____ PROVIDED DATA
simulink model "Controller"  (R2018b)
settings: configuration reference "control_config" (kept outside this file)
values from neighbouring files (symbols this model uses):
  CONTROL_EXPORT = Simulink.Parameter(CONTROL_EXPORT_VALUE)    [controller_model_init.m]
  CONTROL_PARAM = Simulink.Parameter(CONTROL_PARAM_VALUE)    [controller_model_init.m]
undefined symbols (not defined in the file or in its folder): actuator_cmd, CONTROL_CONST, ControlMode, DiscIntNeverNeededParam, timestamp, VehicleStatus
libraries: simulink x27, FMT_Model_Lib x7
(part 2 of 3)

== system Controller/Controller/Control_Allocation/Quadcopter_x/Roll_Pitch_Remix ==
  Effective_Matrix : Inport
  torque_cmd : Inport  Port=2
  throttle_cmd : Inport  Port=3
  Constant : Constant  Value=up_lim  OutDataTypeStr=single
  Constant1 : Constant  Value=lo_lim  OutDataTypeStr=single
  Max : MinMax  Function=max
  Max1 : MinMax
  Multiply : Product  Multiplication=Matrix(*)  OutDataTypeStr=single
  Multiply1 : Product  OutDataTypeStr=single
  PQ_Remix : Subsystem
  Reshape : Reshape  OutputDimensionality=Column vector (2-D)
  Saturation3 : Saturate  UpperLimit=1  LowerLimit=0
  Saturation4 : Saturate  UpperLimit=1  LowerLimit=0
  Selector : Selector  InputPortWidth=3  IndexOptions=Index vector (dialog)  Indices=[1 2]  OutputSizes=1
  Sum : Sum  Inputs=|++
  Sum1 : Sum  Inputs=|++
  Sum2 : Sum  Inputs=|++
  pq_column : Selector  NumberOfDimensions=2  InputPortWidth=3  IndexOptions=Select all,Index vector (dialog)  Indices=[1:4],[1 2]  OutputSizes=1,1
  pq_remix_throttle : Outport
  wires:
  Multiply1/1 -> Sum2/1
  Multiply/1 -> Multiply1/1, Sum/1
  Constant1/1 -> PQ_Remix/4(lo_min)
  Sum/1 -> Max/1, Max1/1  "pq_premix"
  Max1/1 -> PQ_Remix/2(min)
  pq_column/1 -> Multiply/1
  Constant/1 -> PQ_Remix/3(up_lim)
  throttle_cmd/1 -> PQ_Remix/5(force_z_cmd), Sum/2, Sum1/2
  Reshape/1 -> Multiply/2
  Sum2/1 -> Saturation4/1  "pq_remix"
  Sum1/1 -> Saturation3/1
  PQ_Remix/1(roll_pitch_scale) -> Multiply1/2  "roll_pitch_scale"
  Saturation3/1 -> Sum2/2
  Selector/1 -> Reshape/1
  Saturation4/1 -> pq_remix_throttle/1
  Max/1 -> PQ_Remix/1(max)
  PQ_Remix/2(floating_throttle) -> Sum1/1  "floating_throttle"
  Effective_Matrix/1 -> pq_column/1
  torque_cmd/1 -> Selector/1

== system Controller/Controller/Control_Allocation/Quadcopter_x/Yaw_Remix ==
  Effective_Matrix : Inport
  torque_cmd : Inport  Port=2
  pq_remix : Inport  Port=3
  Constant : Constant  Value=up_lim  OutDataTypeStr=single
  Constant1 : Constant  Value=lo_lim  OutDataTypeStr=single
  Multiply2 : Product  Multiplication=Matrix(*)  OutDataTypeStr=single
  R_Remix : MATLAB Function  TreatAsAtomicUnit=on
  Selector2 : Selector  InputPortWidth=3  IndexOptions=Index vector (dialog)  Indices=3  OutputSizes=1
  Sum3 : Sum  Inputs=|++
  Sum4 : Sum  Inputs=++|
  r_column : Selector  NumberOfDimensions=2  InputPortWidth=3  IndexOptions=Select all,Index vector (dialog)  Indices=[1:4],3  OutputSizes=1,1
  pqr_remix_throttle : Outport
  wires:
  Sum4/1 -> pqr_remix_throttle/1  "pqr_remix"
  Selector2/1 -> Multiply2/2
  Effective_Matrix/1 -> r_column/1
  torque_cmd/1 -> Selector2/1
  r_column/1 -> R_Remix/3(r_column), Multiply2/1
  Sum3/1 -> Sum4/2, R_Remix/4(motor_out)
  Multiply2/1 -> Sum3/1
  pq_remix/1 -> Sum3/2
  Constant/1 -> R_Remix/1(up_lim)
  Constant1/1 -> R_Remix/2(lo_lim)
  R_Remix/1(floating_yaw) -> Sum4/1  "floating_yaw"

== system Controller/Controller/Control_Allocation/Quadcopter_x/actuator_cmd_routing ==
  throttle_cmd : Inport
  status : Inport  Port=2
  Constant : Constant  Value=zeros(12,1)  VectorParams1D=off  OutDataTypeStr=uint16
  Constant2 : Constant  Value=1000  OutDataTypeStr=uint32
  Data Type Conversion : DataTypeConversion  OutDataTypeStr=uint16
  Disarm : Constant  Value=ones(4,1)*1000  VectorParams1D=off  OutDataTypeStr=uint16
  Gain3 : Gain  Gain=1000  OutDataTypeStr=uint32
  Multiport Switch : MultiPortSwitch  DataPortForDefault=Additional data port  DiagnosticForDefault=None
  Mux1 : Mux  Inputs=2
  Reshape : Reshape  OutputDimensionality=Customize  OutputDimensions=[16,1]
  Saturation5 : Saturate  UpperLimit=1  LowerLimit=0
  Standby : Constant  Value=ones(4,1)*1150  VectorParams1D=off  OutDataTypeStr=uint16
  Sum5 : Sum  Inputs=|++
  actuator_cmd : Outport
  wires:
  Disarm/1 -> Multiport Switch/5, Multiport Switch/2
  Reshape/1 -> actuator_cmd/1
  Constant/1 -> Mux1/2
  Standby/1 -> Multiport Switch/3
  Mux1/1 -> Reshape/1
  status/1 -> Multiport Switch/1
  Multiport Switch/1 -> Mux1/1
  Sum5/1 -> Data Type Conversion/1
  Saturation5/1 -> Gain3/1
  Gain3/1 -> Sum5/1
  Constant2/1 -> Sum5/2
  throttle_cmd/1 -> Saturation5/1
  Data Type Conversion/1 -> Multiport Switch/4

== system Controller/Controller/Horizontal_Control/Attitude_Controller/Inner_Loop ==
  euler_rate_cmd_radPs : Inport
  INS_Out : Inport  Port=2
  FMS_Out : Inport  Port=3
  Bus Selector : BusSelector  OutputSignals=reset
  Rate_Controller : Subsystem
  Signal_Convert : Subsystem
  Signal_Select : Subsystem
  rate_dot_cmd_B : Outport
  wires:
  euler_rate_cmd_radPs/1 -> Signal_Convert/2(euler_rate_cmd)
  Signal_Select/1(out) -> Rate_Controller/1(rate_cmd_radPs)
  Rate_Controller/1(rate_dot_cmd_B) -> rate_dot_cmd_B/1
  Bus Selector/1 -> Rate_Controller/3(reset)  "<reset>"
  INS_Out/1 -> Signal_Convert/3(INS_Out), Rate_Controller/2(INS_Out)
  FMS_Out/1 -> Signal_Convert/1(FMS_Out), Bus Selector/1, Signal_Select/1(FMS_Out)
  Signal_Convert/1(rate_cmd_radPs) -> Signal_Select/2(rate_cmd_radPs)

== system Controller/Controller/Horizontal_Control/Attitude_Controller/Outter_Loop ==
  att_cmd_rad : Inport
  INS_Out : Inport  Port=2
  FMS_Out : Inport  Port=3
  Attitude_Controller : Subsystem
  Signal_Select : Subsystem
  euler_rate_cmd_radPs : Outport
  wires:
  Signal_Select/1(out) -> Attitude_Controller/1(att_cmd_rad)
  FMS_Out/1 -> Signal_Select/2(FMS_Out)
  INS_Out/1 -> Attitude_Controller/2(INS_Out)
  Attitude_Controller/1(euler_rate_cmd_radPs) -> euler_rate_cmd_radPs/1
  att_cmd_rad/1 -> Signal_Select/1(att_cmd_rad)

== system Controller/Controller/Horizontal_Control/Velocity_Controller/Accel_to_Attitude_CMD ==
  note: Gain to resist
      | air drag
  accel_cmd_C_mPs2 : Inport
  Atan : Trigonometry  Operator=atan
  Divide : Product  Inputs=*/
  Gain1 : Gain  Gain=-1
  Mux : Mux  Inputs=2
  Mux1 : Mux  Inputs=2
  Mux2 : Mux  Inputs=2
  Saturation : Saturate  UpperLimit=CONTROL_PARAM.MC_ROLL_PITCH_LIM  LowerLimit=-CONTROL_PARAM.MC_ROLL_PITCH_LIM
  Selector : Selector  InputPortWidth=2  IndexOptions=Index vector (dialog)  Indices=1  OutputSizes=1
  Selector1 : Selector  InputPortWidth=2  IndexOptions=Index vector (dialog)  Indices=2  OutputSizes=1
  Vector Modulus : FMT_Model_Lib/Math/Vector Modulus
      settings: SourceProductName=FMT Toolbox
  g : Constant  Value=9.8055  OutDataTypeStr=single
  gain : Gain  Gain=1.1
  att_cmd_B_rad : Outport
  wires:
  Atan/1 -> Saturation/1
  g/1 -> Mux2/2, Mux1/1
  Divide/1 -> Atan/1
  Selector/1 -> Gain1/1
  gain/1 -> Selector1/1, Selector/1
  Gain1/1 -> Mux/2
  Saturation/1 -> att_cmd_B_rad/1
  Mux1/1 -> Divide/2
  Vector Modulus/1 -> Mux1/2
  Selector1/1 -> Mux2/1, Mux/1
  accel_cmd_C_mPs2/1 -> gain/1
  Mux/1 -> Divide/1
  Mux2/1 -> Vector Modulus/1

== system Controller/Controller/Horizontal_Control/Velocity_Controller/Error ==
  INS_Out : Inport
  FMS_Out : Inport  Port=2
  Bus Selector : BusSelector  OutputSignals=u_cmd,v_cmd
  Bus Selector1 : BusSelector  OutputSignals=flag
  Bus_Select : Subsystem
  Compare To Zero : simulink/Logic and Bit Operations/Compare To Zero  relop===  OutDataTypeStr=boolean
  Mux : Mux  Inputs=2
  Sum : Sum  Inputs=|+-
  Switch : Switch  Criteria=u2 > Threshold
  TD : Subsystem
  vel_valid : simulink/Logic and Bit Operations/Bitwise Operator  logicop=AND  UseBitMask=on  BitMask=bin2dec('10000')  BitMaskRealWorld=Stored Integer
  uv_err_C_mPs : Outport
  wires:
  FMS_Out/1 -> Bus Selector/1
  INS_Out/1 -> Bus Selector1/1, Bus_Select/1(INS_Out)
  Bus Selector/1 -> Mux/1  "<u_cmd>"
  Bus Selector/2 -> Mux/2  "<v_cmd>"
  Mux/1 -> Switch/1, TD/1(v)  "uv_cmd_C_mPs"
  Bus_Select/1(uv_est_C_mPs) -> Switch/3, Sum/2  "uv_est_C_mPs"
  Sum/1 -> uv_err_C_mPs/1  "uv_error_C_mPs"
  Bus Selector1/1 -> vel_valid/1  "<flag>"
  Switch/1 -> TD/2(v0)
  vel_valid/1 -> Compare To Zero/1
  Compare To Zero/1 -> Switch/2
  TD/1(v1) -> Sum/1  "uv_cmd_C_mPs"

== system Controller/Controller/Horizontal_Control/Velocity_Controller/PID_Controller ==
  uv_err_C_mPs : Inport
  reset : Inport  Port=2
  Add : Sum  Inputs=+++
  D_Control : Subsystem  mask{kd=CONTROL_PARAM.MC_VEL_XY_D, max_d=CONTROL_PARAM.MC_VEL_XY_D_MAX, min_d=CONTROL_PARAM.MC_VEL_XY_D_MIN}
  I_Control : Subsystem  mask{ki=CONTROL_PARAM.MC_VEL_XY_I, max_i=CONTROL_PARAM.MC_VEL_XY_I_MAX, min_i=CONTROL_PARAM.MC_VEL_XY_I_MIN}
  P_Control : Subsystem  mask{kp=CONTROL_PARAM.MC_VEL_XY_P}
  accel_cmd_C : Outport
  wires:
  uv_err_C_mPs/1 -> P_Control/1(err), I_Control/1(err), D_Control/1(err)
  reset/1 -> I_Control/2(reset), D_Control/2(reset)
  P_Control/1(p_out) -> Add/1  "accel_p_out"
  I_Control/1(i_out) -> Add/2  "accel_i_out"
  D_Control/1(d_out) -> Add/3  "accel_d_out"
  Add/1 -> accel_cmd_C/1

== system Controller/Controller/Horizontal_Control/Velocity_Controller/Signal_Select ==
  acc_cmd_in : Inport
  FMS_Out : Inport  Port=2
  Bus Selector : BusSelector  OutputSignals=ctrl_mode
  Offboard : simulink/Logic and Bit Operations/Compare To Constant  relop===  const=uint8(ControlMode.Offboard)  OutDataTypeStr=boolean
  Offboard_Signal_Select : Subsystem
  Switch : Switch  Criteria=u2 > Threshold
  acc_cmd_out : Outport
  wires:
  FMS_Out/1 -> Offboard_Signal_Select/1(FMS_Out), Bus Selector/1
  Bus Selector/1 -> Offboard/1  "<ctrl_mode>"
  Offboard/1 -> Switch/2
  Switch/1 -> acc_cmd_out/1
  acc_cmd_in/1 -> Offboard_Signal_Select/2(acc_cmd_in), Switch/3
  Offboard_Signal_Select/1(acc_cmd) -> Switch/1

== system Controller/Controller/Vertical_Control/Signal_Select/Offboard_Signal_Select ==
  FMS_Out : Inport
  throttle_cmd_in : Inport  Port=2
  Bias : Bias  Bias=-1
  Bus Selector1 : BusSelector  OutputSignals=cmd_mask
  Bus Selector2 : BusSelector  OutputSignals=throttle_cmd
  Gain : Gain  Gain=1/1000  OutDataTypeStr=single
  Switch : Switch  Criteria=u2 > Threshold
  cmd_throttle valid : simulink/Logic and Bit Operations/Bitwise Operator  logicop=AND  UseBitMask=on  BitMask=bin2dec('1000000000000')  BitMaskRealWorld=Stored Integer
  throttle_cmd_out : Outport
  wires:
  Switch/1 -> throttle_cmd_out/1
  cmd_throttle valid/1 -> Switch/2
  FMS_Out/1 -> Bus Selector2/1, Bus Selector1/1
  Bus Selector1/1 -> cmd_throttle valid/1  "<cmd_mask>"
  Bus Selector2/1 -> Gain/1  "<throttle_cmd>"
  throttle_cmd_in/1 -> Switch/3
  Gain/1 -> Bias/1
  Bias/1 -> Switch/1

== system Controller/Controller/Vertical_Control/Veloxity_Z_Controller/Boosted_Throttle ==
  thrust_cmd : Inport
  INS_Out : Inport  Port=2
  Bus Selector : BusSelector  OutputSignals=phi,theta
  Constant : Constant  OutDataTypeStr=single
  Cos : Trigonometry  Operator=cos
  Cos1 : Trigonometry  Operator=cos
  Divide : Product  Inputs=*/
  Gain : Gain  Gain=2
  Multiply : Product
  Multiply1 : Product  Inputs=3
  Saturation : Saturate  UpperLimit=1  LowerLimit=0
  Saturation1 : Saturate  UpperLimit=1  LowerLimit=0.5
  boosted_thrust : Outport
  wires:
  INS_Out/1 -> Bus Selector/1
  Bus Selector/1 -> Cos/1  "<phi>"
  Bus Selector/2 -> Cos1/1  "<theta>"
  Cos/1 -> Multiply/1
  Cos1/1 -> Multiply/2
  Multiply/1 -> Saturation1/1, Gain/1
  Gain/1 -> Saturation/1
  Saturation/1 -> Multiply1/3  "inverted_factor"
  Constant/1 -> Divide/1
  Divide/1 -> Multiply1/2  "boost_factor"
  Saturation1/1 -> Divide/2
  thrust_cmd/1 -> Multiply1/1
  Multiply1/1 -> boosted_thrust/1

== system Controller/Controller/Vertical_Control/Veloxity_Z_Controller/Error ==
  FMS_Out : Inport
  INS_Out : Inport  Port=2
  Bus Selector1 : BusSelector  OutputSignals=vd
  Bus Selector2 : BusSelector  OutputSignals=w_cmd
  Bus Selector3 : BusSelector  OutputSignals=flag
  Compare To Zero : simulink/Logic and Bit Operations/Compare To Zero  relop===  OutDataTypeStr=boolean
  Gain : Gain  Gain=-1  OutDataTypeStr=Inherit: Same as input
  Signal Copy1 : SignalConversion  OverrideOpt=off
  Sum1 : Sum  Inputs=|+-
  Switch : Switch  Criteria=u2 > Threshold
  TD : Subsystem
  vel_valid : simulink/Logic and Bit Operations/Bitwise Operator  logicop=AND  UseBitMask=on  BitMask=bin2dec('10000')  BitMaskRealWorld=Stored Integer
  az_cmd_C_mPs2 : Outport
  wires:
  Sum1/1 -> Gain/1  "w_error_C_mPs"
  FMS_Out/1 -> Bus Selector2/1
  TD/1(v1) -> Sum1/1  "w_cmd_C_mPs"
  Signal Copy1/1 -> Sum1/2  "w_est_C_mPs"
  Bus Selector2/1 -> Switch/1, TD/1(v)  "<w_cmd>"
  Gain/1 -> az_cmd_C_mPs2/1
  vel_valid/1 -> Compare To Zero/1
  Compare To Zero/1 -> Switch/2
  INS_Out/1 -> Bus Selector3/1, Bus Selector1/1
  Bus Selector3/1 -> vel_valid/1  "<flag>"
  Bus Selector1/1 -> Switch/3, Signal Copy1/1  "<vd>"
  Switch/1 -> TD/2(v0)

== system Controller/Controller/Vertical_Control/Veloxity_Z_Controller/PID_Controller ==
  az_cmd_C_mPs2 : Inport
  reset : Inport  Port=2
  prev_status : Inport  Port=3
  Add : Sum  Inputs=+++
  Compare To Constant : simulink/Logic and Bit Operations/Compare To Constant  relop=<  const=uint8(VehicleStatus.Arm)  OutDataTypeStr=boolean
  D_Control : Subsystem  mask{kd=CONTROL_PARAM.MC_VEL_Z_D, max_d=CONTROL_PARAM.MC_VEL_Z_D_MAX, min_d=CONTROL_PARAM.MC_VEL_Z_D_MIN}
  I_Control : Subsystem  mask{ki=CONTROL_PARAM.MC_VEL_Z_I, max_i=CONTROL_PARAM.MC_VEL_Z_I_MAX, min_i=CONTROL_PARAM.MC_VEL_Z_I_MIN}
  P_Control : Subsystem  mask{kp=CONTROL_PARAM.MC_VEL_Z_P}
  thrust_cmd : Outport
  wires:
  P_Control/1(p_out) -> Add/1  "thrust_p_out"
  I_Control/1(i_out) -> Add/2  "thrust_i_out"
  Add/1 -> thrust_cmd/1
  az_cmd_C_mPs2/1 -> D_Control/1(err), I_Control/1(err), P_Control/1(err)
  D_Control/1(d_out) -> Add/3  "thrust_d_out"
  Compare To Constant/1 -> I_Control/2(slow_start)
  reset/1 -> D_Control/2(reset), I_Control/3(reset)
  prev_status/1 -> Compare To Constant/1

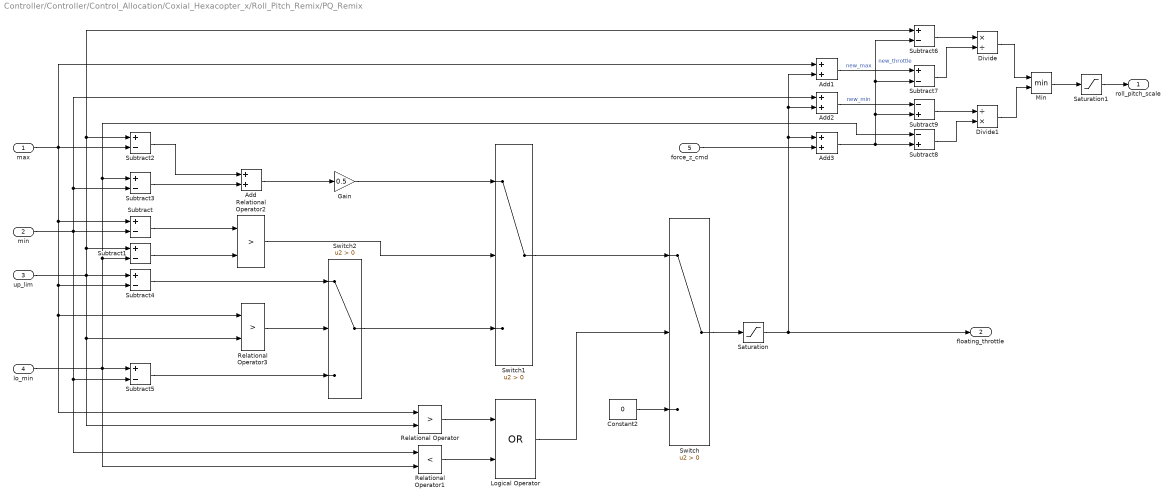
== system Controller/Controller/Control_Allocation/Coxial_Hexacopter_x/Roll_Pitch_Remix/PQ_Remix ==
  max : Inport
  min : Inport  Port=2
  up_lim : Inport  Port=3
  lo_min : Inport  Port=4
  force_z_cmd : Inport  Port=5
  Add{,1..3} (4 alike) : Sum
  Constant2 : Constant  Value=0  OutDataTypeStr=single
  Divide : Product  Inputs=*/
  Divide1 : Product  Inputs=/*
  Gain : Gain  Gain=0.5
  Logical Operator : Logic  Operator=OR  AllPortsSameDT=off  OutDataTypeStr=boolean
  Min : MinMax  Inputs=2
  Relational Operator : RelationalOperator  Operator=>  OutDataTypeStr=boolean  RndMeth=Simplest
  Relational Operator1 : RelationalOperator  Operator=<  OutDataTypeStr=boolean  RndMeth=Simplest
  Relational Operator2 : RelationalOperator  Operator=>  OutDataTypeStr=boolean  RndMeth=Simplest
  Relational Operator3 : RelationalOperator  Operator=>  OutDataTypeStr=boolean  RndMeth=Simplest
________
YOUR OBJECTIVE: Write out every line of the data that holds the word "single".

RESPONSE BELOW:
  Constant : Constant  Value=up_lim  OutDataTypeStr=single
  Constant1 : Constant  Value=lo_lim  OutDataTypeStr=single
  Multiply : Product  Multiplication=Matrix(*)  OutDataTypeStr=single
  Multiply1 : Product  OutDataTypeStr=single
  Constant : Constant  Value=up_lim  OutDataTypeStr=single
  Constant1 : Constant  Value=lo_lim  OutDataTypeStr=single
  Multiply2 : Product  Multiplication=Matrix(*)  OutDataTypeStr=single
  g : Constant  Value=9.8055  OutDataTypeStr=single
  Gain : Gain  Gain=1/1000  OutDataTypeStr=single
  Constant : Constant  OutDataTypeStr=single
  Constant2 : Constant  Value=0  OutDataTypeStr=single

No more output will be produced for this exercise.